Rays Open Year Still Struggling In Two Areas:

Two areas the Rays are looking to improve on this season is batting with runners in scoring position and reducing the strike outs. The two areas remained a problem in the opener as they finished the game 0-for 5 with runners in scoring position and struck out 12 times.

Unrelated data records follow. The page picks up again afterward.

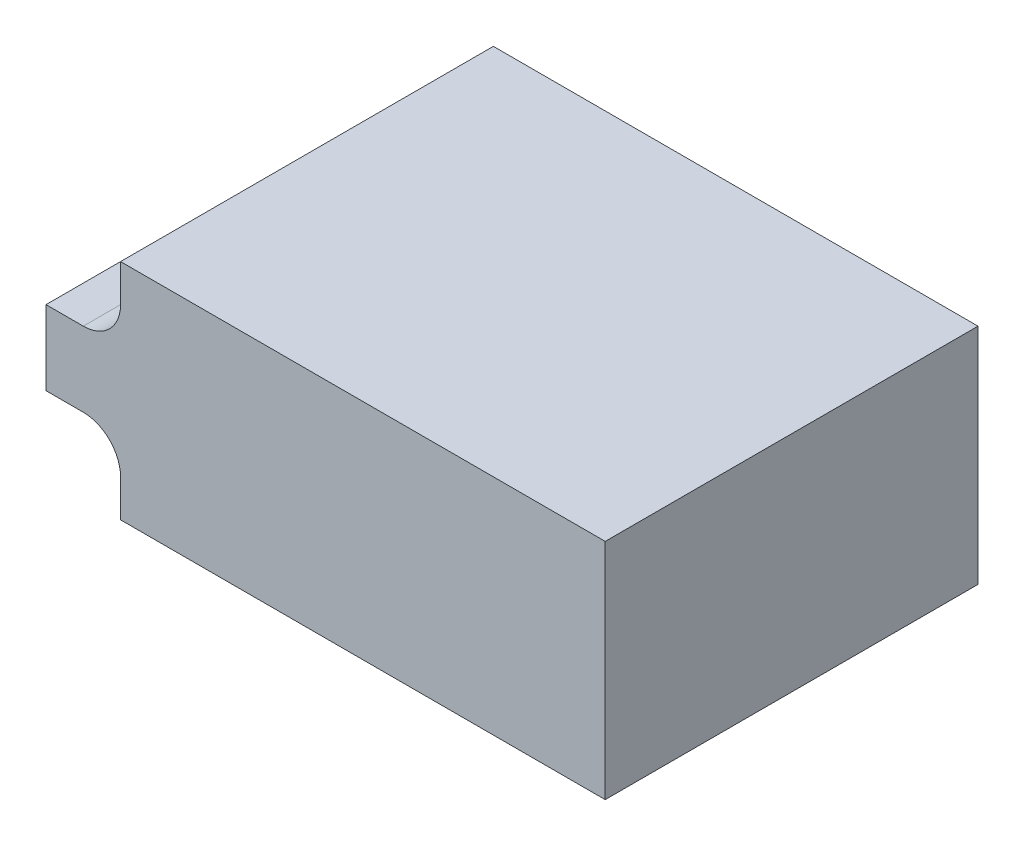
SolidWorks part; units mm, degrees
ref_plane "Plan de face" through (0, 0, 0) normal (0, 0, 1) x (1, 0, 0)
ref_plane "Plan de dessus" through (0, 0, 0) normal (0, 1, 0) x (1, 0, 0)
ref_plane "Plan de droite" through (0, 0, 0) normal (1, 0, 0) x (0, 0, -1)
sketch "Esquisse1" plane through (0, 0, 0) normal (0, 0, 1) x (1, 0, 0)
  line L1 (-7.5, 3) -> (7.5, 3)
  line L2 (-7.5, 3) -> (-7.5, -3)
  line L3 (-7.5, -3) -> (7.5, -3)
  line L4 (7.5, 3) -> (7.5, -3)
  line L5 (-7.5, 3) -> (7.5, -3) construction
  line L6 (-7.5, -3) -> (7.5, 3) construction
  point P0 (0, 0)
  dimension "D1" = 15
  dimension "D2" = 6
extrude "Boss.-Extru.1" add sketch "Esquisse1" along normal blind 10
sketch "Esquisse2" plane through (0, 0, 0) normal (0, 0, -1) x (-1, 0, 0)
  line L0 (5.5, -1) -> (5.5, 1) construction
  line L1 (7.5, 3) -> (5.5, 3)
  line L2 (7.5, 3) -> (7.5, 1)
  line L3 (7.5, 1) -> (5.5, 1)
  line L4 (5.5, 3) -> (5.5, 1)
  line L5 (7.5, -3) -> (5.5, -3)
  line L6 (7.5, -3) -> (7.5, -1)
  line L7 (7.5, -1) -> (5.5, -1)
  line L8 (5.5, -3) -> (5.5, -1)
  dimension "D1" = 2
  dimension "D2" = 2
  dimension "D3" = 2
extrude "Enlèv. mat.-Extru.1" cut sketch "Esquisse2" against normal through all
fillet "Congé1" radius 1 2 edges at (-5.5, -1, 5) (-5.5, 1, 5)

The inability to hit in the clutch means more than likely the Rays will be involved in close games. Last season they played 33 games decided by two runs or less tied with the Houston Astros and Toronto Blue Jays for most in the majors. The Rays went 23-10 (.667 win%) in those games, which was the best winning percentage in the majors.

Rays Pen Solid:

Without Nick Anderson the Rays turned to Ryan Thompson to work the seventh, Pete Fairbanks to work the eighth, and Diego Castillo to close the game in the ninth. The trio allowed two hits while striking out and walking one. Glasnow said after the game the bullpen “was amazing as always, it was like we just picked up from years prior. It’s that weird feeling of when they do come in you have so much confidence because I’ve seen them do it for so many times.”

Fans Welcomed Back:

The game was played in front of 7,062 fans. The Marlins have permission to operate at 27% capacity.

Up Next For Rays:

Tampa Bay Rays’ Ryan Yarbrough delivers a pitch during the first inning of a baseball game against the Miami Marlins, Friday, Aug. 28, 2020, in Miami. (AP Photo/Wilfredo Lee)

The Rays and Marlins will meet up again Friday night at 7:10. Ryan Yarbrough (1-4, 3.56 ERA in 2020) will take the mound for Tampa Bay. Miami counters with Pablo Lopez (5-4, 3.61 in 2020).